▶ [Task to complete]:
Below are records; please write out exactly the lines from the first line through the line containing "line L3 (-13.4798, 13.425)", with no pictures.

▶ [Data for processing]:
=== Begin Enclosure ===

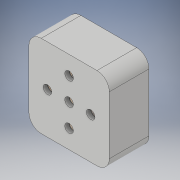
# Autodesk Inventor part: bottom
Saved by Autodesk Inventor 2019 (Build 230136000, 136)
## iProperties
Created: 2019-08-20
Part Number: bottom
Material: Generic
Document SubType Name: Modeling
Designer: assman
Density: 1 g/cm^3
Appearance: Default
Author: assman
## iProperties of the stored document bottom_3DPrint.ipt
Created: 2019-08-20
Part Number: bottom_3DPrint
Material: Generic
Document SubType Name: Modeling
Designer: assman
Density: 1 g/cm^3
Appearance: Default
Author: assman
Autodesk Inventor part; units mm, degrees
ref_plane "YZ Plane" through (0, 0, 0) normal (1, 0, 0) x (0, 1, 0)
ref_plane "XZ Plane" through (0, 0, 0) normal (0, 1, 0) x (-1, 0, 0)
ref_plane "XY Plane" through (0, 0, 0) normal (0, 0, 1) x (1, 0, 0)
ref_plane "Work Plane1" through (0, 0, 0) normal (0, 0, 1) x (-1, 0, 0)
sketch "Sketch1" plane through (0, 0, 0) normal (0, 0, 1) x (-1, 0, 0)
  line L0 (-17.4798, 9.425) -> (-17.4798, -9.425)
  arc A0 (-17.4798, -9.425) -> (-13.4798, -13.425) centre (-13.4798, -9.425) ccw
  line L1 (-13.4798, -13.425) -> (4.6702, -13.425)
  arc A1 (4.6702, -13.425) -> (8.6702, -9.425) centre (4.6702, -9.425) ccw
  line L2 (8.6702, -9.425) -> (8.6702, 9.425)
  arc A2 (8.6702, 9.425) -> (4.6702, 13.425) centre (4.6702, 9.425) ccw
  line L3 (4.6702, 13.425) -> (-0.4048, 13.425)
  line L4 (-0.4048, 13.425) -> (-8.4048, 13.425)
  line L5 (-8.4048, 13.425) -> (-13.4798, 13.425)
  arc A3 (-13.4798, 13.425) -> (-17.4798, 9.425) centre (-13.4798, 9.425) ccw
  constraints: 12 end point, 8 point on circle, 4 centre point
extrude "Extrusion1" add sketch "Sketch1" along normal blind 2
sketch "Sketch2" plane through (0, 0, 0) normal (0, 0, -1) x (-1, 0, 0)
  line L0 (-17.4798, -9.425) -> (-17.4798, 9.425) projected
  arc A0 (-17.4798, -9.425) -> (-13.4798, -13.425) centre (-13.4798, -9.425) ccw projected
  line L1 (4.6702, -13.425) -> (-13.4798, -13.425) projected
  arc A1 (4.6702, -13.425) -> (8.6702, -9.425) centre (4.6702, -9.425) ccw projected
  line L2 (8.6702, 9.425) -> (8.6702, -9.425) projected
  arc A2 (8.6702, 9.425) -> (4.6702, 13.425) centre (4.6702, 9.425) ccw projected
  line L3 (-13.4798, 13.425) -> (4.6702, 13.425) projected
  arc A3 (-13.4798, 13.425) -> (-17.4798, 9.425) centre (-13.4798, 9.425) ccw projected
  arc A4 (7.4702, 9.425) -> (4.6702, 12.225) centre (4.6702, 9.425) ccw
  line L4 (7.4702, 9.425) -> (7.4702, -9.425)
  arc A5 (4.6702, -12.225) -> (7.4702, -9.425) centre (4.6702, -9.425) ccw
  line L5 (4.6702, -12.225) -> (-13.4798, -12.225)
  arc A6 (-16.2798, -9.425) -> (-13.4798, -12.225) centre (-13.4798, -9.425) ccw
  line L6 (-16.2798, -9.425) -> (-16.2798, 9.425)
  arc A7 (-13.4798, 12.225) -> (-16.2798, 9.425) centre (-13.4798, 9.425) ccw
  line L7 (-13.4798, 12.225) -> (4.6702, 12.225)
  point P0 (0, 0)
  dimension "d3" = 1.2
  constraints: 8 end point, 8 point on circle, 4 centre point, 7 other
  measures "d3" distance between parallel lines of L3 L7
ref_plane "Work Plane2" through (2.6548, -1.75, -11.6) normal (0, 0, -1) x (0, 1, 0)
extrude "Extrusion2" add sketch "Sketch2" along normal up to surface (11.6 mm away)
sketch "Sketch3" plane through (0, 0, 0) normal (0, 0, -1) x (-1, 0, 0)
  circle A0 centre (-11.4398, -7.385) radius 1.5 projected
  circle A1 centre (-11.4398, 7.385) radius 1.5 projected
  circle A2 centre (2.6302, 7.385) radius 1.5 projected
  circle A3 centre (2.6302, -7.385) radius 1.5 projected
  circle A4 centre (-11.4398, -7.385) radius 2.5
  circle A5 centre (-11.4398, 7.385) radius 2.5
  circle A6 centre (2.6302, 7.385) radius 2.5
  circle A7 centre (2.6302, -7.385) radius 2.5
  point P0 (0, 0)
  dimension "d8" = 1
  dimension "d9" = 1
  dimension "d10" = 1
  dimension "d11" = 1
  constraints: 4 centre point
  measures "d8" radial gap between concentric circles of A0 A4
  measures "d9" radial gap between concentric circles of A1 A5
  measures "d10" radial gap between concentric circles of A2 A6
  measures "d11" radial gap between concentric circles of A3 A7
ref_plane "Work Plane3" through (-5.6702, -10.425, -4) normal (0, 0, 1) x (1, 0, 0)
extrude "Extrusion3" add sketch "Sketch3" along normal up to surface (4 mm away) contours A0 | A1 | A2 | A3 | A4 | A5 | A6 | A7
sketch "Sketch4" plane through (11.4398, -7.385, -4) normal (0, 0, -1) x (-1, 0, 0)
  point P0 (11.4398, 7.385)
sketch "Sketch5" plane through (11.4398, -7.385, -4) normal (0, 0, -1) x (-1, 0, 0)
  circle A0 centre (0, 0) radius 2.5 projected
  circle A1 centre (0, 14.77) radius 2.5 projected
  circle A2 centre (14.07, 14.77) radius 2.5 projected
  circle A3 centre (14.07, 0) radius 2.5 projected
  point P0 (11.4398, 7.385)
  constraints: 4 coincident
hole "Hole1" at (11.4398, -7.385, -4) at (11.4398, 7.385, -4) at (-2.6302, 7.385, -4) at (-2.6302, -7.385, -4) direction (0, 0, 1) diameter 2.8 depth 4 tip angle 118
fillet "Fillet1" radius 1 4 edges at (13.9398, -7.385, 0) (13.9398, 7.385, 0) (-0.1302, 7.385, 0) (-0.1302, -7.385, 0)
sketch "Sketch6" plane through (0, 0, 0) normal (0, 0, -1) x (-1, 0, 0)
  line L0 (-13.4798, -12.225) -> (4.6702, -12.225) construction
  line L1 (7.4702, -9.425) -> (7.4702, 9.425) construction
  line L2 (-16.2798, 9.425) -> (-16.2798, -9.425) construction
  line L3 (4.6702, 12.225) -> (-13.4798, 12.225) construction
  line L4 (-13.4798, -12.225) -> (4.6702, -12.225) construction
  line L5 (-4.4048, -12.225) -> (-4.4048, 12.225) construction
  line L6 (4.6702, 12.225) -> (-13.4798, 12.225) construction
  line L7 (6.7041, 0) -> (-16.2798, 0) construction
  circle A0 centre (-11.4398, 7.385) radius 1.4 construction
  line L8 (-11.4398, 7.385) -> (-11.4398, -7.385) construction
  circle A1 centre (2.6302, -7.385) radius 1.4 construction
  line L9 (-11.4398, -7.385) -> (2.6302, -7.385) construction
  circle A2 centre (2.6302, 7.385) radius 1.4 construction
  line L10 (2.6302, -7.385) -> (2.6302, 7.385) construction
  line L11 (2.6302, 7.385) -> (-11.4398, 7.385) construction
  circle A3 centre (-11.4398, 0) radius 1.5
  circle A4 centre (-4.4048, -7.385) radius 1.5
  circle A5 centre (2.6302, 0) radius 1.5
  circle A6 centre (-4.4048, 7.385) radius 1.5
  circle A7 centre (-4.4048, 0) radius 1.5
  point P0 (0, 0)
  dimension "d20" = 3
  dimension "d21" = 3
  dimension "d22" = 3
  dimension "d23" = 3
  dimension "d24" = 3
  constraints: 12 end point, 8 midpoint, 5 centre point, 3 perpendicular, 1 point on line, 1 vertical
  measures "d20" diameter of A3
  measures "d21" diameter of A4
  measures "d22" diameter of A5
  measures "d23" diameter of A6
  measures "d24" diameter of A7
hole "Hole2" at (-2.6302, 0, 0) at (11.4398, 0, 0) at (4.4048, 0, 0) at (4.4048, 7.385, 0) at (4.4048, -7.385, 0) direction (0, 0, 1) diameter 2.8 end through all countersink diameter 4 countersink angle 90
fillet "Fillet2" radius 1 8 edges at (-6.6501, 11.4049, 0) (4.4048, 12.225, 0) (15.4597, 11.4049, 0) (16.2798, 0, 0) (15.4597, -11.4049, 0) (4.4048, -12.225, 0) (-6.6501, -11.4049, 0) (-7.4702, 0, 0)
sketch "Sketch7" plane through (-4.6702, -12.225, -11.6) normal (0, 1, 0) x (1, 0, 0)
  line L0 (4.075, -0.84) -> (4.075, -7.04)
  line L1 (4.075, -7.04) -> (14.075, -7.04)
  line L2 (14.075, -7.04) -> (14.075, -0.84)
  line L3 (14.075, -0.84) -> (4.075, -0.84)
  point P0 (4.6702, -11.6)
  constraints: 8 end point
extrude "Extrusion4" cut sketch "Sketch7" against normal blind 2
sketch "Sketch8" plane through (-0.5952, -12.225, -10.76) normal (0, 0, 1) x (1, 0, 0)
  line L0 (10, -1.2) -> (0, -1.2) projected
  line L1 (10, 0) -> (10, -1.2) projected
  line L2 (0, 0) -> (10, 0) projected
  line L3 (0, 0) -> (0, -1.2) projected
  point P0 (0.5952, 12.225)
extrude "Extrusion5" cut sketch "Sketch8" against normal blind 2
fillet "Fillet3" radius 1 2 edges at (9.4048, -12.825, -4.56) (-0.5952, -12.825, -4.56)
sketch "Sketch9" plane through (13.4798, 13.425, -11.6) normal (0, 0, -1) x (-1, 0, 0)
  point P0 (13.4798, -13.425)
sketch "Sketch10" plane through (13.4798, 13.425, -11.6) normal (0, 0, -1) x (-1, 0, 0)
  line L0 (14.075, -25.65) -> (14.075, -26.85) projected
  line L1 (18.15, -26.85) -> (14.075, -26.85) projected
  arc A0 (18.15, -26.85) -> (22.15, -22.85) centre (18.15, -22.85) ccw projected
  line L2 (22.15, -4) -> (22.15, -22.85) projected
  arc A1 (22.15, -4) -> (18.15, 0) centre (18.15, -4) ccw projected
  line L3 (0, 0) -> (18.15, 0) projected
  arc A2 (0, 0) -> (-4, -4) centre (0, -4) ccw projected
  line L4 (-4, -22.85) -> (-4, -4) projected
  arc A3 (-4, -22.85) -> (0, -26.85) centre (0, -22.85) ccw projected
  line L5 (4.075, -26.85) -> (0, -26.85) projected
  line L6 (4.075, -26.85) -> (4.075, -25.65) projected
  line L7 (0, -25.65) -> (4.075, -25.65) projected
  arc A4 (-2.8, -22.85) -> (0, -25.65) centre (0, -22.85) ccw projected
  line L8 (-2.8, -4) -> (-2.8, -22.85) projected
  arc A5 (0, -1.2) -> (-2.8, -4) centre (0, -4) ccw projected
  line L9 (18.15, -1.2) -> (0, -1.2) projected
  arc A6 (20.95, -4) -> (18.15, -1.2) centre (18.15, -4) ccw projected
  line L10 (20.95, -22.85) -> (20.95, -4) projected
  arc A7 (18.15, -25.65) -> (20.95, -22.85) centre (18.15, -22.85) ccw projected
  line L11 (14.075, -25.65) -> (18.15, -25.65) projected
  point P0 (13.4798, -13.425)
ref_plane "Work Plane4" through (-0.0502, -4.455, -10.9) normal (0, 0, -1) x (0, 1, 0)
extrude "Extrusion6" cut sketch "Sketch10" against normal up to surface (0.7 mm away)
body "Solid1"

=== End Enclosure ===

▶ [Answer box]:
# Autodesk Inventor part: bottom
Saved by Autodesk Inventor 2019 (Build 230136000, 136)
## iProperties
Created: 2019-08-20
Part Number: bottom
Material: Generic
Document SubType Name: Modeling
Designer: assman
Density: 1 g/cm^3
Appearance: Default
Author: assman
## iProperties of the stored document bottom_3DPrint.ipt
Created: 2019-08-20
Part Number: bottom_3DPrint
Material: Generic
Document SubType Name: Modeling
Designer: assman
Density: 1 g/cm^3
Appearance: Default
Author: assman
Autodesk Inventor part; units mm, degrees
ref_plane "YZ Plane" through (0, 0, 0) normal (1, 0, 0) x (0, 1, 0)
ref_plane "XZ Plane" through (0, 0, 0) normal (0, 1, 0) x (-1, 0, 0)
ref_plane "XY Plane" through (0, 0, 0) normal (0, 0, 1) x (1, 0, 0)
ref_plane "Work Plane1" through (0, 0, 0) normal (0, 0, 1) x (-1, 0, 0)
sketch "Sketch1" plane through (0, 0, 0) normal (0, 0, 1) x (-1, 0, 0)
  line L0 (-17.4798, 9.425) -> (-17.4798, -9.425)
  arc A0 (-17.4798, -9.425) -> (-13.4798, -13.425) centre (-13.4798, -9.425) ccw
  line L1 (-13.4798, -13.425) -> (4.6702, -13.425)
  arc A1 (4.6702, -13.425) -> (8.6702, -9.425) centre (4.6702, -9.425) ccw
  line L2 (8.6702, -9.425) -> (8.6702, 9.425)
  arc A2 (8.6702, 9.425) -> (4.6702, 13.425) centre (4.6702, 9.425) ccw
  line L3 (4.6702, 13.425) -> (-0.4048, 13.425)
  line L4 (-0.4048, 13.425) -> (-8.4048, 13.425)
  line L5 (-8.4048, 13.425) -> (-13.4798, 13.425)
  arc A3 (-13.4798, 13.425) -> (-17.4798, 9.425) centre (-13.4798, 9.425) ccw
  constraints: 12 end point, 8 point on circle, 4 centre point
extrude "Extrusion1" add sketch "Sketch1" along normal blind 2
sketch "Sketch2" plane through (0, 0, 0) normal (0, 0, -1) x (-1, 0, 0)
  line L0 (-17.4798, -9.425) -> (-17.4798, 9.425) projected
  arc A0 (-17.4798, -9.425) -> (-13.4798, -13.425) centre (-13.4798, -9.425) ccw projected
  line L1 (4.6702, -13.425) -> (-13.4798, -13.425) projected
  arc A1 (4.6702, -13.425) -> (8.6702, -9.425) centre (4.6702, -9.425) ccw projected
  line L2 (8.6702, 9.425) -> (8.6702, -9.425) projected
  arc A2 (8.6702, 9.425) -> (4.6702, 13.425) centre (4.6702, 9.425) ccw projected
  line L3 (-13.4798, 13.425) -> (4.6702, 13.425) projected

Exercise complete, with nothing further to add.